A good book I’ve been reading lately is ‘The Autism Answerbook’, by one William Stillman. It’s meant for parents of those with autism, like so many on the market at the moment. But Stillman himself has Aspergers, and therefore takes a different approach to the advice he gives parents. While I don’t agree with all that he says (eg on the use of ‘person-first’ language) and he probably doesn’t go far enough in some other respects, I nonetheless think he makes some excellent points.
For instance, he tells them that autism is a “unique and different way of being”, a “natural variation of the human experience”; and urges parents to value and support the child’s ‘passions’ (which others call ‘obsessions’), rather than trying to suppress them. He tells parents that the real experts on autism are the adults on the spectrum, and to parents who might feel devastated by their child’s diagnosis, he points out that this may be due to popular images of autism or news stories that put a ‘tragic’ spin on autism, or unhelpful, gloomy pictures of their child’s future painted by those who gave them the diagnosis.
But I feel the best thing he does is to take a stance focussing on three themes –
1. ‘Presumption of intellect’. This means that even though an autistic child may not speak, or speak clearly, seems disinterested/detached from the people around them, and doesn’t respond to standard IQ tests, nonetheless you take a stance that they are aware and intelligent, comprehending in their own way what is happening around them. It means treating them with respect, eg by not talking about them in front of them, as if they are deaf or intellectually handicapped, especially if it’s to moan about their ‘deficits’ or the stress they are causing in your life. It also means parents ‘partner’ with the child in every aspect of their life, to allow them (obviously varying degrees of) input and control over decisions made about them. A very valid point, I think.
2. Prevention instead of intervention. This means learning to plan ahead for anything that might cause difficulty for the autistic child, rather than wait till afterwards and (try to) handle the sensory overloads, meltdowns, social disasters, etc. This seems like common sense to me – stopping things before they start is a whole lot easier than cleaning up the mess afterwards. But at least some parents don’t give it enough thought – they seem to just want or expect the kid to ‘behave normally’, even when that patently isn’t possible.

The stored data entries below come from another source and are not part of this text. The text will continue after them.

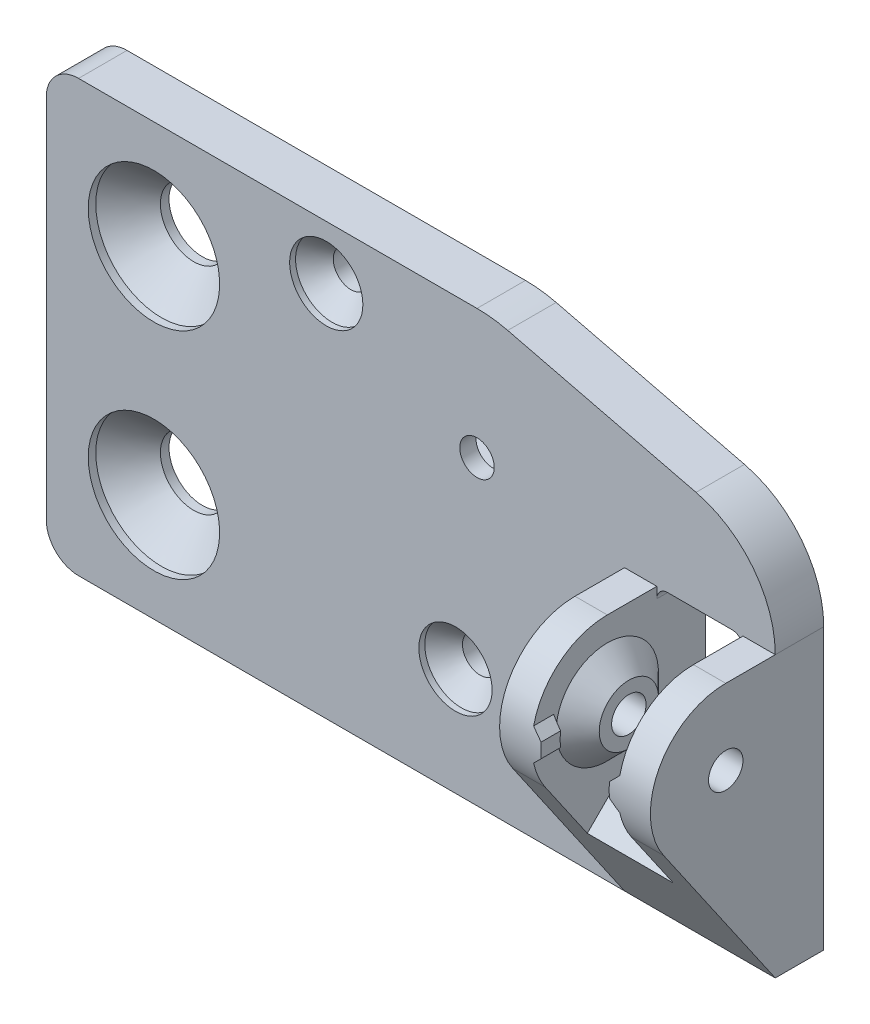
SolidWorks part; units mm, degrees
material "Custom Plastic"
ref_plane "Front Plane" through (0, 0, 0) normal (0, 0, 1) x (1, 0, 0)
ref_plane "Top Plane" through (0, 0, 0) normal (0, 1, 0) x (1, 0, 0)
ref_plane "Right Plane" through (0, 0, 0) normal (1, 0, 0) x (0, 0, -1)
sketch "Sketch1" plane through (0, 0, 0) normal (0, 0, 1) x (1, 0, 0)
  line L0 (-10, -20) -> (-10, 0) construction
  line L1 (-10, -20) -> (10, -20) construction
  line L2 (-10, 0) -> (10, 0) construction
  line L3 (10, -20) -> (10, 0) construction
  line L4 (-10, -20) -> (10, 0) construction
  line L5 (-10, 0) -> (10, -20) construction
  line L6 (-10, 0) -> (-10, 20) construction
  line L7 (-10, 17) -> (-10, -17)
  line L8 (-10, 20) -> (10, 20) construction
  line L9 (10, 0) -> (10, 20) construction
  line L10 (-10, 0) -> (10, 20) construction
  line L11 (-10, 20) -> (10, 0) construction
  line L12 (-7, 20) -> (10, 20)
  line L13 (57.7, 20) -> (57.7, -20)
  line L15 (10, 20) -> (57.7, 20)
  line L18 (57.7, -20) -> (-7, -20)
  circle A0 centre (0, 10) radius 3.1
  circle A1 centre (0, -10) radius 3.1
  arc A2 (-7, 20) -> (-10, 17) centre (-7, 17) ccw
  arc A3 (-10, -17) -> (-7, -20) centre (-7, -17) ccw
  circle A4 centre (30, 8) radius 1.6
  point P0 (0, 10)
  point P1 (0, -10)
  dimension "D2" = 6.2
  dimension "D6" = 3
  dimension "D4" = 3.2
  dimension "D1" = 20
  dimension "D3" = 57.7
  dimension "D5" = 20
  dimension "D7" = 8
extrude "Boss-Extrude1" add sketch "Sketch1" along normal blind 4.5
sketch "Sketch2" plane through (0, -20, 0) normal (0, -1, 0) x (1, 0, 0)
  line L0 (10, 0) -> (10, -16)
  line L2 (10, -16) -> (19, -16)
  line L3 (19, -16) -> (57.7, 0)
  line L4 (57.7, 0) -> (10, 0)
  dimension "D1" = 16
  dimension "D2" = 10
  dimension "D3" = 9
extrude "Boss-Extrude2" add sketch "Sketch2" against normal blind 15
sketch "Sketch3" plane through (57.7, 0, 0) normal (1, 0, 0) x (0, 0, -1)
  line L0 (-9.1, 6) -> (-4.5, 6)
  line L1 (-4.5, -20) -> (-14.8625, -4.9741)
  line L2 (-4.5, 6) -> (-4.5, -20)
  line L3 (-4.5, -20) -> (-4.5, 20) construction
  arc A0 (-9.1, 6) -> (-14.8625, -4.9741) centre (-9.1, -1) ccw
  dimension "D1" = 7
  dimension "D2" = 1
  dimension "D3" = 4.6
extrude "Boss-Extrude3" add sketch "Sketch3" against normal blind 14
sketch "Sketch4" plane through (0, -5, 0) normal (0, 1, 0) x (1, 0, 0)
  line L1 (10, 0) -> (57.7, 0)
  line L2 (10, 0) -> (10, 5.1)
  line L3 (10, 5.1) -> (19, 5.1)
  line L4 (57.7, 0) -> (57.7, 16)
  line L5 (19, 16) -> (19, 5.1)
  line L6 (19, 16) -> (57.7, 16)
  line L7 (57.7, 0) -> (10, 0) construction
  line L8 (10, 0) -> (10, 16) construction
  dimension "D1" = 5.1
extrude "Cut-Extrude1" cut sketch "Sketch4" against normal offset from surface (11 mm away) 4 contours L6 L4 L1 L2 L3 L5 up to face at (17.9063, -20, -1.3125)
sketch "Sketch5" plane through (57.7, 0, 0) normal (1, 0, 0) x (0, 0, -1)
  circle A0 centre (-9.1, -1) radius 1.6
  dimension "D1" = 3.2
extrude "Cut-Extrude2" cut sketch "Sketch5" against normal through all
sketch "Sketch6" plane through (57.7, 0, 0) normal (1, 0, 0) x (0, 0, -1)
  line L0 (-5.2109, -4.8891) -> (-19.2142, -18.8924)
  line L1 (-19.2142, -18.8924) -> (-19.2142, 16.8924)
  line L2 (-19.2142, 16.8924) -> (-5.2109, 2.8891)
  arc A0 (-5.2109, -4.8891) -> (-5.2109, 2.8891) centre (-9.1, -1) ccw
  dimension "D1" = 5.5
extrude "Cut-Extrude3" cut sketch "Sketch6" against normal blind 8 from offset 3 offset against normal yes
fillet "Fillet1" radius 5 1 edges at (14.5, -5, -16)
sketch "Sketch7" plane through (19, 0, 0) normal (1, 0, 0) x (0, 0, -1)
  line L2 (16, -20) -> (0, -20) construction
  line L3 (16, -16) -> (16, -20) construction
  circle A0 centre (11, -10) radius 2.1
  dimension "D1" = 4.2
  dimension "D2" = 10
  dimension "D3" = 5
extrude "Cut-Extrude4" cut sketch "Sketch7" against normal through all
sketch "Sketch8" plane through (19, 0, 0) normal (1, 0, 0) x (0, 0, -1)
  circle A0 centre (11, -10) radius 4.1
  dimension "D1" = 8.2
extrude "Cut-Extrude5" cut sketch "Sketch8" against normal offset from surface (1.5 mm away) 7.5 up to face at (10, -12.1, -11)
chamfer "Chamfer1" distance 2 angle 45 1 edges at (17.5, -12.1, -11)
ref_axis "Axis1" through (54.7, -1, 9.1) along (1, 0, 0)
sketch "Sketch9" plane through (0, 0, 0) normal (0, 0, 1) x (1, 0, 0)
  line L0 (46.7, -4.8891) -> (46.7, 2.8891) construction
  line L1 (46.7, 6) -> (54.7, 6)
  line L2 (46.7, 6) -> (46.7, 3.5)
  line L3 (46.7, 3.5) -> (54.7, 3.5) construction
  line L4 (54.7, 6) -> (54.7, 3.5)
  line L5 (54.7, 2.8891) -> (54.7, -4.8891) construction
  line L6 (54.7, 2.8891) -> (54.7, 6) construction
  line L7 (46.7, -5.5) -> (54.7, -5.5) construction
  line L8 (46.7, -5.5) -> (46.7, -8)
  line L9 (46.7, -8) -> (54.7, -8)
  line L10 (54.7, -5.5) -> (54.7, -8)
  line L11 (54.7, 3.5) -> (54.7, -5.5)
  line L12 (54.7, -1) -> (57.7, -1) construction
  line L13 (46.7, 3.5) -> (46.7, -5.5)
  point P14 (54.7, -1)
  dimension "D1" = 2.5
  dimension "D2" = 9
extrude "Cut-Extrude6" cut sketch "Sketch9" along normal through all
sketch "Sketch10" plane through (0, 0, 0) normal (0, 0, -1) x (-1, 0, 0)
  line L1 (-57.7, 6) -> (-57.7, 20)
  line L2 (-57.7, 20) -> (-30, 20)
  line L3 (-50.34, 15.3777) -> (-32.8517, 19.6562)
  arc A0 (-30, 20) -> (-32.8517, 19.6562) centre (-30, 8) ccw
  arc A1 (-50.34, 15.3777) -> (-57.7, 6) centre (-48.0457, 6) ccw
extrude "Cut-Extrude7" cut sketch "Sketch10" against normal through all
sketch "Sketch11" plane through (0, 0, 0) normal (0, 0, -1) x (-1, 0, 0)
  line L1 (-30.75, -8.4123) -> (-30.75, -11.5877) construction
  line L2 (-30.75, -11.5877) -> (-28, -13.1754) construction
  line L3 (-28, -13.1754) -> (-25.25, -11.5877) construction
  line L4 (-25.25, -11.5877) -> (-25.25, -8.4123) construction
  line L5 (-25.25, -8.4123) -> (-28, -6.8246) construction
  line L6 (-28, -6.8246) -> (-30.75, -8.4123) construction
  line L7 (-13.25, 13.4123) -> (-13.25, 16.5877) construction
  line L8 (-13.25, 16.5877) -> (-16, 18.1754) construction
  line L9 (-16, 18.1754) -> (-18.75, 16.5877) construction
  line L10 (-18.75, 16.5877) -> (-18.75, 13.4123) construction
  line L11 (-18.75, 13.4123) -> (-16, 11.8246) construction
  line L12 (-16, 11.8246) -> (-13.25, 13.4123) construction
  circle A0 centre (-16, 15) radius 1.65
  circle A1 centre (-28, -10) radius 1.65
  circle A2 centre (-28, -10) radius 2.75 construction
  circle A3 centre (-16, 15) radius 2.75 construction
  circle A4 centre (-30, 8) radius 1.6 construction
  point P20 (-30, 8)
  dimension "D1" = 3.3
  dimension "D2" = 5.5
  dimension "D5" = 2
  dimension "D6" = 10
  dimension "D3" = 14
  dimension "D4" = 15
extrude "Cut-Extrude9" cut sketch "Sketch11" against normal through all
sketch "Sketch13" plane through (46.7, 0, 0) normal (1, 0, 0) x (0, 0, -1)
  circle A0 centre (-9.1, -1) radius 2.75
  circle A1 centre (-9.1, -1) radius 1.6
  circle A4 centre (-9.1, -1) radius 1.6 construction
  point P9 (4.6036, -2.5)
  point P11 (10.6036, -2.5)
  point P12 (4.6036, 0.5)
  point P13 (10.6036, 0.5)
  dimension "D1" = 5.5
extrude "Boss-Extrude4" add sketch "Sketch13" along normal blind 2
sketch "Sketch15" plane through (46.7, 0, 0) normal (1, 0, 0) x (0, 0, -1)
  line L0 (-14.079, 0.5) -> (-15.9374, 0.5)
  line L2 (-14.079, -2.5) -> (-15.9374, -2.5)
  arc A1 (-15.9374, 0.5) -> (-15.9374, -2.5) centre (-9.1, -1) ccw
  arc A2 (-9.1, 6) -> (-14.8625, -4.9741) centre (-9.1, -1) ccw construction
  arc A3 (-9.1, 6) -> (-14.8625, -4.9741) centre (-9.1, -1) ccw construction
  arc A4 (-14.079, 0.5) -> (-14.079, -2.5) centre (-9.1, -1) ccw
  dimension "D4" = 5.2
  dimension "D3" = 3
extrude "Boss-Extrude5" add sketch "Sketch15" along normal blind 0.825
ref_plane "Plane1" through (50.7, 0, 0) normal (1, 0, 0) x (0, 0, -1)
mirror "Mirror1" about plane through (50.7, 0, 0) normal (1, 0, 0) of "Boss-Extrude5", "Boss-Extrude4"
chamfer "Chamfer3" distance 2 angle 45 2 edges at (54.7, 1.75, 9.1) (46.7, 1.75, 9.1)
sketch "Sketch14" plane through (0, 0, 4.5) normal (0, 0, -1) x (-1, 0, 0)
  circle A0 centre (0, -10) radius 6.1
  circle A1 centre (0, 10) radius 6.1
  dimension "D1" = 12.2
extrude "Cut-Extrude10" cut sketch "Sketch14" along normal blind 0.7
chamfer "Chamfer4" distance 3 angle 45 2 edges at (-3.1, -10, 3.8) (-3.1, 10, 3.8)
chamfer "Chamfer5" distance 0.83 angle 45 4 edges at (53.875, -2.5, 15.0082) (53.875, 0.5, 15.0082) (47.525, -2.5, 15.0082) (47.525, 0.5, 15.0082)
sketch "Sketch16" plane through (0, 0, 4.5) normal (0, 0, -1) x (-1, 0, 0)
  circle A0 centre (-28, -10) radius 3.4
  circle A1 centre (-16, 15) radius 3.4
  dimension "D1" = 6.8
extrude "Cut-Extrude11" cut sketch "Sketch16" along normal blind 0.5
chamfer "Chamfer6" distance 1.8 angle 45 2 edges at (26.35, -10, 4) (14.35, 15, 4)
sketch "Sketch17" plane through (10, 0, 0) normal (-1, 0, 0) x (0, 0, 1)
  line L0 (-11, -10) -> (-9.5151, -8.5151)
  line L1 (-9.5151, -8.5151) -> (-10.5502, -7.48)
  line L2 (-10.5502, -7.48) -> (-11.4498, -7.48)
  line L3 (-11.4498, -7.48) -> (-12.4849, -8.5151)
  line L4 (-12.4849, -8.5151) -> (-11, -10)
  circle A0 centre (-11, -10) radius 2.1 construction
  point P0 (-11, -7.9)
  dimension "D1" = 0.42
extrude "Cut-Extrude12" cut sketch "Sketch17" against normal through all
sketch "Sketch18" plane through (0, 0, 0) normal (0, 0, -1) x (-1, 0, 0)
  circle A0 centre (-30, 8) radius 6.25
  dimension "D1" = 12.5
extrude "Cut-Extrude13" cut sketch "Sketch18" against normal blind 3
fillet "Fillet2" radius 1 2 edges at (46.7, 6, 2.25) (54.7, 6, 2.25)
equation "\"y-cross-rib-thickness\"=4"
equation "\"y-rib-thickness\"=6"
equation "\"bed-plate-thickness\"=3"
equation "\"x-plate-thickness\"=5"
equation "\"rod-diameter\"=12"
equation "\"t-nut-hole-diameter\"=3"
equation "\"y-plate-thickness\"=5"
equation "\"D1@Sketch4\"=\"y-plate-thickness\"+.1"
equation "\"D1@Boss-Extrude5\"=(8-6.35)/2"

3. Fostering self-advocacy. While the child is young, they will need their parents to advocate for them, it’s true. But as they grow and mature, it’s possible to teach autistic children some degree of self-advocacy, ie learning to handle and communicate their own needs. Even for those deemed ‘low-functioning’, I feel this is an important point. Parents of ‘normal’ children (well the good ones anyway) do their best to foster independence, self-care and self-expression in their children, even if the kids are intellectually or physically handicapped. Why should our autistic children deserve any less?
I’d recommend this book first of all, to any parent with a child newly diagnosed with an Autistic Spectrum Disorder. It’s a great starting point, and a whole heap better than the ‘doom and gloom’ brigade, or books which only emphasize the child’s ‘deficits’ and ‘lacks’.